Avatar

Khairan Efendi

Penulis Kolom

44 ARTIKEL TELAH DITERBITKAN

" "

Idul Fitri: Meraih Kemenangan Sejati



Minggu , 22 Maret 2026



Telah dibaca :  216

Idul Fitri: Meraih Kemenangan Sejati

Gema takbir masih terasa hangat di hati. Suasana Idul Fitri masih begitu hidup, bahkan di hari kedua ini, kebersamaan dengan keluarga, sahabat, dan tetangga masih terus terjalin. Ada rasa bahagia yang sederhana, namun penuh makna bahagia karena telah melewati Ramadan, dan bahagia karena kembali pada fitrah.

Namun, di tengah suasana lebaran yang masih terasa, ada satu pertanyaan yang penting untuk kita renungkan: kemenangan seperti apa yang sebenarnya kita raih?

Sering kali, Idul Fitri identik dengan hal-hal yang tampak di luar baju baru, hidangan istimewa, rumah yang ramai oleh sanak saudara. Semua itu tentu indah dan menjadi bagian dari kebahagiaan. Tapi sejatinya, Idul Fitri jauh lebih dalam dari sekadar perayaan lahiriah. Ia adalah perjalanan pulang pulang kepada fitrah, kepada hati yang bersih, kepada jiwa yang lebih dekat dengan Allah SWT.

Ramadan yang telah kita lalui bukan sekadar rutinitas menahan lapar dan dahaga. Ia adalah proses panjang melatih diri. Kita belajar menahan amarah, menjaga lisan, mengendalikan pandangan, hingga menata niat dalam setiap amal. Semua itu bukan hal yang mudah. Ada perjuangan di dalamnya, ada jatuh bangun, ada lelah yang mungkin tak terlihat orang lain. Dan di sinilah makna kemenangan itu muncul.

Kemenangan sejati bukan tentang siapa yang paling meriah merayakan Idul Fitri, tetapi siapa yang paling mampu menjaga hatinya selama Ramadan. Siapa yang berhasil menundukkan egonya, yang mampu menahan amarah saat emosi memuncak, yang tetap jujur meski tak ada yang melihat. Itulah kemenangan yang sebenarnya kemenangan melawan diri sendiri. Allah SWT berfirman:

Sungguh beruntung orang yang menyucikan jiwa itu. (QS. Asy-Syams: 9)

Ayat ini sederhana, tetapi maknanya sangat dalam. Keberuntungan sejati bukan terletak pada harta atau jabatan, melainkan pada hati yang bersih. Ramadan adalah waktu untuk membersihkan hati itu, dan Idul Fitri adalah momen untuk melihat hasilnya. Apakah hati kita lebih tenang? Apakah kita lebih mudah memaafkan? Apakah kita lebih dekat kepada Allah?

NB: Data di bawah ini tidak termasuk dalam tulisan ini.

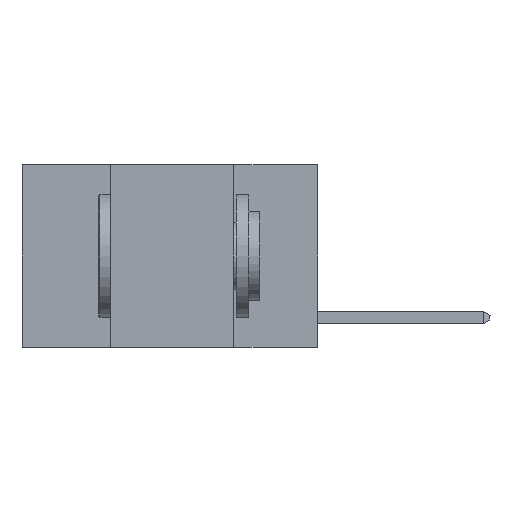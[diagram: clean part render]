
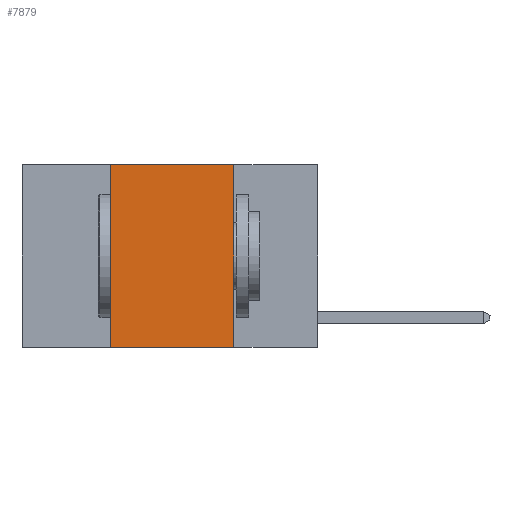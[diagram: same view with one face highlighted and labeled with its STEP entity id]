
A CAD part, left-side view. The second image highlights one B-rep face of the part: STEP entity #7879.
In plain terms, the highlighted planar face has unit normal (-1, 0, 0).
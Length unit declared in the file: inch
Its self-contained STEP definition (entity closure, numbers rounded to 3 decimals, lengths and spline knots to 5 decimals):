
#174 = VERTEX_POINT ( 'NONE', #12989 ) ;
#446 = DIRECTION ( 'NONE',  ( 1., 0., 0. ) ) ;
#504 = DIRECTION ( 'NONE',  ( 0., -1., 0. ) ) ;
#561 = CARTESIAN_POINT ( 'NONE',  ( 0., 0.17, 0. ) ) ;
#1122 = FACE_OUTER_BOUND ( 'NONE', #13392, .T. ) ;
#1341 = VECTOR ( 'NONE', #2690, 39.37008 ) ;
#2051 = VECTOR ( 'NONE', #504, 39.37008 ) ;
#2187 = PLANE ( 'NONE',  #16639 ) ;
#2690 = DIRECTION ( 'NONE',  ( 0., 0., 1. ) ) ;
#2723 = LINE ( 'NONE', #11253, #22307 ) ;
#3395 = CARTESIAN_POINT ( 'NONE',  ( 0., 0.42, 0. ) ) ;
#3738 = EDGE_CURVE ( 'NONE', #11025, #174, #5379, .T. ) ;
#4058 = EDGE_CURVE ( 'NONE', #11025, #12053, #9369, .T. ) ;
#4223 = DIRECTION ( 'NONE',  ( 0., 0., -1. ) ) ;
#5379 = LINE ( 'NONE', #19843, #2051 ) ;
#5438 = CARTESIAN_POINT ( 'NONE',  ( 0., 0.6, 0. ) ) ;
#5602 = CARTESIAN_POINT ( 'NONE',  ( 0., 0.6, 0. ) ) ;
#5853 = ORIENTED_EDGE ( 'NONE', *, *, #4058, .F. ) ;
#7000 = EDGE_CURVE ( 'NONE', #12053, #15551, #14387, .T. ) ;
#7118 = ORIENTED_EDGE ( 'NONE', *, *, #3738, .T. ) ;
#7879 = ADVANCED_FACE ( 'NONE', ( #1122 ), #2187, .F. ) ;
#8083 = ORIENTED_EDGE ( 'NONE', *, *, #19929, .F. ) ;
#9369 = LINE ( 'NONE', #13197, #1341 ) ;
#11025 = VERTEX_POINT ( 'NONE', #16152 ) ;
#11253 = CARTESIAN_POINT ( 'NONE',  ( 0., 0.17, 0. ) ) ;
#12053 = VERTEX_POINT ( 'NONE', #3395 ) ;
#12525 = ORIENTED_EDGE ( 'NONE', *, *, #7000, .F. ) ;
#12642 = DIRECTION ( 'NONE',  ( 0., -1., 0. ) ) ;
#12989 = CARTESIAN_POINT ( 'NONE',  ( 0., 0.17, -0.37 ) ) ;
#13197 = CARTESIAN_POINT ( 'NONE',  ( 0., 0.42, 0. ) ) ;
#13392 = EDGE_LOOP ( 'NONE', ( #8083, #12525, #5853, #7118 ) ) ;
#14387 = LINE ( 'NONE', #5602, #16950 ) ;
#15551 = VERTEX_POINT ( 'NONE', #561 ) ;
#16122 = DIRECTION ( 'NONE',  ( 0., 0., -1. ) ) ;
#16152 = CARTESIAN_POINT ( 'NONE',  ( 0., 0.42, -0.37 ) ) ;
#16639 = AXIS2_PLACEMENT_3D ( 'NONE', #5438, #446, #16122 ) ;
#16950 = VECTOR ( 'NONE', #12642, 39.37008 ) ;
#19843 = CARTESIAN_POINT ( 'NONE',  ( 0., 0.6, -0.37 ) ) ;
#19929 = EDGE_CURVE ( 'NONE', #15551, #174, #2723, .T. ) ;
#22307 = VECTOR ( 'NONE', #4223, 39.37008 ) ;

Salah satu momen paling indah di Idul Fitri adalah saling memaafkan. Kita saling berjabat tangan, mengucapkan maaf dengan tulus, bahkan terkadang dengan mata yang berkaca-kaca. Di momen ini, tidak ada lagi yang merasa lebih tinggi atau lebih benar. Semua kembali menjadi hamba yang sama-sama penuh kekurangan. Rasulullah SAW bersabda:

Tidak halal bagi seorang muslim mendiamkan saudaranya lebih dari tiga hari…(HR. Bukhari dan Muslim)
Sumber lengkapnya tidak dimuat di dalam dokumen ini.